DATA PROVIDED section start

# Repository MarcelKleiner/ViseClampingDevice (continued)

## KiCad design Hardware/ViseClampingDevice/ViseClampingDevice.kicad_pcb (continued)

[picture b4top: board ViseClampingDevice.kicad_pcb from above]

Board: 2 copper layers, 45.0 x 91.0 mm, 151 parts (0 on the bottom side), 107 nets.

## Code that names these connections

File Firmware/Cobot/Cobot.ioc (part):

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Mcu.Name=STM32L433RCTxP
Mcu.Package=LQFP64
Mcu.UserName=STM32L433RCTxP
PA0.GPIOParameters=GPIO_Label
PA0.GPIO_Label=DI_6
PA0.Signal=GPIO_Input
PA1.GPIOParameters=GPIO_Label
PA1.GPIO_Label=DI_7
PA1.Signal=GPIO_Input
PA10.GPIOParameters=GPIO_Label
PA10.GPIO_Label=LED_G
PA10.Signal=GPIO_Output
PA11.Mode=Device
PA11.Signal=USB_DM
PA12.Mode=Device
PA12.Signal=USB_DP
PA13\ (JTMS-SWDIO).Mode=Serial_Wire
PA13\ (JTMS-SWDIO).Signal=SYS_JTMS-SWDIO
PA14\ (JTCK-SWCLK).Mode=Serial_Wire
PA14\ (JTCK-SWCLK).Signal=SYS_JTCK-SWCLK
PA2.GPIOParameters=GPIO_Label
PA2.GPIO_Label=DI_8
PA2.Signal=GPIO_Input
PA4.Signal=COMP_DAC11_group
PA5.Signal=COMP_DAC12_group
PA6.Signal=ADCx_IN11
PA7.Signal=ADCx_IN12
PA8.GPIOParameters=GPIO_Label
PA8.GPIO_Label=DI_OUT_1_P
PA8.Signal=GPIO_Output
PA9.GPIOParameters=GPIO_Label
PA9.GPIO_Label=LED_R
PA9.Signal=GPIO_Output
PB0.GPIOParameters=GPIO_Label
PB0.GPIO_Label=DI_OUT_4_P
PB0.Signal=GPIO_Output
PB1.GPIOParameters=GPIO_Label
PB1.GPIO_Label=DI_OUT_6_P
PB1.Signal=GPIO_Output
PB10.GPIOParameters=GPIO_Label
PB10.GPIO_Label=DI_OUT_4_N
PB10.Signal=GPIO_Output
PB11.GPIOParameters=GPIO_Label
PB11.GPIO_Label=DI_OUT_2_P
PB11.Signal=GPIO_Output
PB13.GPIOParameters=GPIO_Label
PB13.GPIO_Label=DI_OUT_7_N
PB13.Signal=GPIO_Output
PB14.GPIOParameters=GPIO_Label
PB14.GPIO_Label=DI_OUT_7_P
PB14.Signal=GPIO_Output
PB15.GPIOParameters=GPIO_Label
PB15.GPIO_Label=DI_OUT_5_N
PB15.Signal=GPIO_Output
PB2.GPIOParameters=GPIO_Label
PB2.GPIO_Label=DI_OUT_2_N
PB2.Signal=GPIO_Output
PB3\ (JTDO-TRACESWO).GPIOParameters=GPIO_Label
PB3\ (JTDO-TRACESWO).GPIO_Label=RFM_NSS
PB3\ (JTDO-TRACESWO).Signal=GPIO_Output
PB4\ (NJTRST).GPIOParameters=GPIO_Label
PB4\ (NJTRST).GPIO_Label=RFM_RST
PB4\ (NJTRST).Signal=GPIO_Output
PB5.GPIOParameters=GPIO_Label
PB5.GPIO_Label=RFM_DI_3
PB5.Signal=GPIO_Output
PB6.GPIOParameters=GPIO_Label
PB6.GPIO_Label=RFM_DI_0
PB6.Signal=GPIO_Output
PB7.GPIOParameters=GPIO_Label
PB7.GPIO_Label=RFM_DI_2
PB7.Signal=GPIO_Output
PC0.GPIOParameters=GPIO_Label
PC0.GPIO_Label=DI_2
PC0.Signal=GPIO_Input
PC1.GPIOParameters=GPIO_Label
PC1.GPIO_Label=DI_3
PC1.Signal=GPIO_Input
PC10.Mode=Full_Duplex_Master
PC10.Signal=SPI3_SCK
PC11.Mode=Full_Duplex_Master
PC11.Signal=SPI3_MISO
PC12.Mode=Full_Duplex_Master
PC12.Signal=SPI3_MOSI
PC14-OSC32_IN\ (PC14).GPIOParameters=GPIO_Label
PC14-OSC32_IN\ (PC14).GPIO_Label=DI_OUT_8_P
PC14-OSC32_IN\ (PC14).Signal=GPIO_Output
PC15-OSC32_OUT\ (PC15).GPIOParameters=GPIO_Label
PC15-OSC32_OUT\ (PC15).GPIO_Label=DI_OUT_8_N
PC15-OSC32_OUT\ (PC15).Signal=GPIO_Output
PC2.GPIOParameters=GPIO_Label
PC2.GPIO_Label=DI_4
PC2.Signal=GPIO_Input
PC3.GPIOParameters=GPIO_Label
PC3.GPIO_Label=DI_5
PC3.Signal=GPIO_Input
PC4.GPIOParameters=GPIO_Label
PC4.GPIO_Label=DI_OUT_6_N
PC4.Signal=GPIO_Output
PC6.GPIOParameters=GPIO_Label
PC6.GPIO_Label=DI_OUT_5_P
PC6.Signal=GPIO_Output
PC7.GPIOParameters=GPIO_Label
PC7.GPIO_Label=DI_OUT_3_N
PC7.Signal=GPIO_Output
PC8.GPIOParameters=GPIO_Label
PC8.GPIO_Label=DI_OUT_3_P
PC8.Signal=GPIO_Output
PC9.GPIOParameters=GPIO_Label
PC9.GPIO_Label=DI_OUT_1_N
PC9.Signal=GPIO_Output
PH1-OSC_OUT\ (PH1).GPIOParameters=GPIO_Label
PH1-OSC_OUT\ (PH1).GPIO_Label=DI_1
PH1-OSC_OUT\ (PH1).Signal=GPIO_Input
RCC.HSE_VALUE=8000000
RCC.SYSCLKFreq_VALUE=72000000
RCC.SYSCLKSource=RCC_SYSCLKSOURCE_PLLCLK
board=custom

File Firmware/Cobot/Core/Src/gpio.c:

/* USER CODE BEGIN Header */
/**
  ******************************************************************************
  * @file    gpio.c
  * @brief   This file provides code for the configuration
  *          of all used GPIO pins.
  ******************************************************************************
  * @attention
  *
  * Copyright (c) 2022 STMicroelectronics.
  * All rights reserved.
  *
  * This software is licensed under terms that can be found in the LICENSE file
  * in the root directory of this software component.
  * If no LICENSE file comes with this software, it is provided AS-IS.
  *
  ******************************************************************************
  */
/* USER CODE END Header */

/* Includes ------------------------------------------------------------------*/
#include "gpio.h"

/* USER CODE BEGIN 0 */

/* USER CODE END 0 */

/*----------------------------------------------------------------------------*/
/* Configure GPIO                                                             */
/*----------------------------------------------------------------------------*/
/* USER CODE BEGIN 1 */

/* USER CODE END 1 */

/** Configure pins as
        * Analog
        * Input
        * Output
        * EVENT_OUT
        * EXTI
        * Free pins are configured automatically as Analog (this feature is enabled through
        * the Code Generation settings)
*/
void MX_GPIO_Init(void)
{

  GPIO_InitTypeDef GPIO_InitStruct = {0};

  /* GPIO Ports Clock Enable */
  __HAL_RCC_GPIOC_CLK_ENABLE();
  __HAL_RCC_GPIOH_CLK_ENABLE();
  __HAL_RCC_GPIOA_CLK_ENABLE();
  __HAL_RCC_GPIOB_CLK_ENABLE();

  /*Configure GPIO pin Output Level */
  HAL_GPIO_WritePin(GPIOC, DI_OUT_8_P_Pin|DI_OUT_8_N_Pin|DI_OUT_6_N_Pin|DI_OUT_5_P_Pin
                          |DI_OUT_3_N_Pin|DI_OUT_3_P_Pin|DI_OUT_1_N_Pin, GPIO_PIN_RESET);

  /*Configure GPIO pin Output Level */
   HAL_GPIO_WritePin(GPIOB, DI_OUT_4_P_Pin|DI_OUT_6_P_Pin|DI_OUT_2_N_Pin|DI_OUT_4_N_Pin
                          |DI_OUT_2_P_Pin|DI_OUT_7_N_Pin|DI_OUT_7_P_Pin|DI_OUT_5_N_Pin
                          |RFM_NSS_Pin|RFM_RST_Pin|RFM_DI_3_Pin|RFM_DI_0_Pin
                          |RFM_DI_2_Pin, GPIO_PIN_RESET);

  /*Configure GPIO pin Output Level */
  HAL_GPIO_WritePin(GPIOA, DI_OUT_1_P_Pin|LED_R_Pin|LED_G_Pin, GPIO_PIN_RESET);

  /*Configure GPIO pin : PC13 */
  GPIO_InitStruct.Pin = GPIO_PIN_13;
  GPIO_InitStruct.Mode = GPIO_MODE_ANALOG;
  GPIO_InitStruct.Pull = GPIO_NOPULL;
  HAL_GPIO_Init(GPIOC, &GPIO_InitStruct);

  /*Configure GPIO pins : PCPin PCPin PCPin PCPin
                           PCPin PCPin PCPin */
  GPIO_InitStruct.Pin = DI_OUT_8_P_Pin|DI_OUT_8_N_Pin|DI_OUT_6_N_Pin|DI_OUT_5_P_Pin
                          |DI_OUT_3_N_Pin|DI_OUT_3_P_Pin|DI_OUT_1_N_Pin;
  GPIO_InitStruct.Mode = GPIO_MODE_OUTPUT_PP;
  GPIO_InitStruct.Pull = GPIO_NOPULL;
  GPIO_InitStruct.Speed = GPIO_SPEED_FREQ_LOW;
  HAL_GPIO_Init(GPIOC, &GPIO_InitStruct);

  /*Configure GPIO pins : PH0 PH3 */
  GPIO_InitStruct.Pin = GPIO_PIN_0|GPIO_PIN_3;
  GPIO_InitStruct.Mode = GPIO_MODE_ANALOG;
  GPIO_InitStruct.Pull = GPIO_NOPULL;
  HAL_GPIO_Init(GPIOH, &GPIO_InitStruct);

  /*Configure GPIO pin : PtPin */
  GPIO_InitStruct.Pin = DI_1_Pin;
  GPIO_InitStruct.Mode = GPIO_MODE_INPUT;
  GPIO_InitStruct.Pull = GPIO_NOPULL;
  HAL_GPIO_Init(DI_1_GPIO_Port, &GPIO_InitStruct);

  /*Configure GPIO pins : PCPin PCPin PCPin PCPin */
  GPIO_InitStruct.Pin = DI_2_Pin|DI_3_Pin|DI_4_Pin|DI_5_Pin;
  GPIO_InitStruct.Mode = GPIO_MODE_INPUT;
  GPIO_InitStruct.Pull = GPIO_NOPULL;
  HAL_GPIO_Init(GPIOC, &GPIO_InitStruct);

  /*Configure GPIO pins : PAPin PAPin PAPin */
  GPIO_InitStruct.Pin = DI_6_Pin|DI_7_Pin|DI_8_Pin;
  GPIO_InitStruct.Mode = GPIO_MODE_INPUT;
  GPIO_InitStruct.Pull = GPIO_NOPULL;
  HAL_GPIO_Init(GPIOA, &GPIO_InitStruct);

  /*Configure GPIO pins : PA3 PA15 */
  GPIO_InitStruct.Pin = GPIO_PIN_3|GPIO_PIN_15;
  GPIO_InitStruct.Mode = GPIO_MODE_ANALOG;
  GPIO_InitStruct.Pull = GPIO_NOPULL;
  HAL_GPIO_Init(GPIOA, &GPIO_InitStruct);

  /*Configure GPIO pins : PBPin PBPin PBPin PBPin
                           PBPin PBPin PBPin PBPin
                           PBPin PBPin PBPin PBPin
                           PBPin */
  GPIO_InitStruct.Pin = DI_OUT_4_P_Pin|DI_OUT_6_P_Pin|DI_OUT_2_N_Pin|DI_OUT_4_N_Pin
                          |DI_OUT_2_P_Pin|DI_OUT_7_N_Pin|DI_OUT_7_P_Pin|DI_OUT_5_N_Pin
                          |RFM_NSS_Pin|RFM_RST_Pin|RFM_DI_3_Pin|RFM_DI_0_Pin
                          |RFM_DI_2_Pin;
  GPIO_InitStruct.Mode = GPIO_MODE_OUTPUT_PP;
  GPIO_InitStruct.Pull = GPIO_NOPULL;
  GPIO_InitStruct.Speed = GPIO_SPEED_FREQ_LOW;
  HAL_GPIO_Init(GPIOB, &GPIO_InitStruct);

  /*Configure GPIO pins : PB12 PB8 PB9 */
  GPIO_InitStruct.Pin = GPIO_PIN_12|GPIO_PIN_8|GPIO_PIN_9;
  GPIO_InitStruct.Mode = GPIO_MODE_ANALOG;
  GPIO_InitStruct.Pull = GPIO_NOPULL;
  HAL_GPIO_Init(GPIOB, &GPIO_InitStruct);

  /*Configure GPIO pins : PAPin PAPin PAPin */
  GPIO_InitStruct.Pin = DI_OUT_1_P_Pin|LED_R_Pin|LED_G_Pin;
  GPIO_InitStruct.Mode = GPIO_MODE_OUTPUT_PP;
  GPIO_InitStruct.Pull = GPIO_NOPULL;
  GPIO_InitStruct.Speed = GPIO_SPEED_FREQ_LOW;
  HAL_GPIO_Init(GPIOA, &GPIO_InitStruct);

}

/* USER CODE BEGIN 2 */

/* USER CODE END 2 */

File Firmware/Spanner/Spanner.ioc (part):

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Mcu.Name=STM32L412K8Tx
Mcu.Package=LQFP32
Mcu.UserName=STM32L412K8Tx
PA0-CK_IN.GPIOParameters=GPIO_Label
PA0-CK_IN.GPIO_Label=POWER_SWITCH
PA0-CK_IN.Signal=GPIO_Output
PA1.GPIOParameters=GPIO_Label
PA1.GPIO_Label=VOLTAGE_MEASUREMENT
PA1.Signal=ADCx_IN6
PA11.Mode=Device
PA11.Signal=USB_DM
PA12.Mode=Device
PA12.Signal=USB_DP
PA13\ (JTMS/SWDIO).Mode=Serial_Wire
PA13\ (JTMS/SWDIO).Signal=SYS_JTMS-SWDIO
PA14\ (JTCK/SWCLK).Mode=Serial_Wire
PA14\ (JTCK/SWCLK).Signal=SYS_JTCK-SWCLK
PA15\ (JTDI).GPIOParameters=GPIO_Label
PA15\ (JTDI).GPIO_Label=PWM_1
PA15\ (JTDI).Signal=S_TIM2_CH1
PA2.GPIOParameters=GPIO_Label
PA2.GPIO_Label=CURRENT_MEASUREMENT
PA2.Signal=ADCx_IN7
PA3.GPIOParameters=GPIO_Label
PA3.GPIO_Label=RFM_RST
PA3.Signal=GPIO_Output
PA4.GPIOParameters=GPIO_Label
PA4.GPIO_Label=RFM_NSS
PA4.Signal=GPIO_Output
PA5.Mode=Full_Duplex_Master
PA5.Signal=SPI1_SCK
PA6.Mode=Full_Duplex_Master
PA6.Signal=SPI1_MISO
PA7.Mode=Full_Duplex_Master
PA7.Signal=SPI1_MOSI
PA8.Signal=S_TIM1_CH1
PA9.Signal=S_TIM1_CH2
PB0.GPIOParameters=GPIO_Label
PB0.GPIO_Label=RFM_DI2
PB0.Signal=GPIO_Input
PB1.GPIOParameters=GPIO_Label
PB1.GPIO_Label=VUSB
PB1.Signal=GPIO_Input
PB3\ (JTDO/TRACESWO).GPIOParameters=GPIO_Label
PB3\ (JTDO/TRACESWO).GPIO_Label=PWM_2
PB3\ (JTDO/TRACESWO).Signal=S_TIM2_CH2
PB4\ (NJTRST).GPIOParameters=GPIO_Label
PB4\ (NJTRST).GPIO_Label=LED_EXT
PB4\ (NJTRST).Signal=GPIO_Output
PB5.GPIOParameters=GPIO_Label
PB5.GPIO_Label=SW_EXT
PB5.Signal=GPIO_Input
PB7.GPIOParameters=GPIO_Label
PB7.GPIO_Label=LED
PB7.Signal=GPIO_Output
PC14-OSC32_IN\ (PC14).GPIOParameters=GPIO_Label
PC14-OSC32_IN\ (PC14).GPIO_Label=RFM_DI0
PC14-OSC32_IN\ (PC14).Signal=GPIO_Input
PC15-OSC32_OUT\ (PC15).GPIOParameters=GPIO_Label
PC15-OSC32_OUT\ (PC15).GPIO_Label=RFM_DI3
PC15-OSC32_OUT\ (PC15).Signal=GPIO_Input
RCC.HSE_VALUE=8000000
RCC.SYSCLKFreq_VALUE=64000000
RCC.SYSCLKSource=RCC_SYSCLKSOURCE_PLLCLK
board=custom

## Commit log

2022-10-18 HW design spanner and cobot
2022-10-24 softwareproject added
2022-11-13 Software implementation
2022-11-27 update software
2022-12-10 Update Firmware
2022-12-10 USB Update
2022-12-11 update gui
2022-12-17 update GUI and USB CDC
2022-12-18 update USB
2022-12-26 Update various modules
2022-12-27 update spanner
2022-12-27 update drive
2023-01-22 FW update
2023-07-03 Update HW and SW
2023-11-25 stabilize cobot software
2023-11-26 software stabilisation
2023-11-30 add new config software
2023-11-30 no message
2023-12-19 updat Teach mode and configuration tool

DATA PROVIDED section end

• _WHAT YOU NEED TO DO_: Return a copy of each line in the entries that contains "Header".

• _ANSWER TO THIS EXERCISE_:
/* USER CODE BEGIN Header */
/* USER CODE END Header */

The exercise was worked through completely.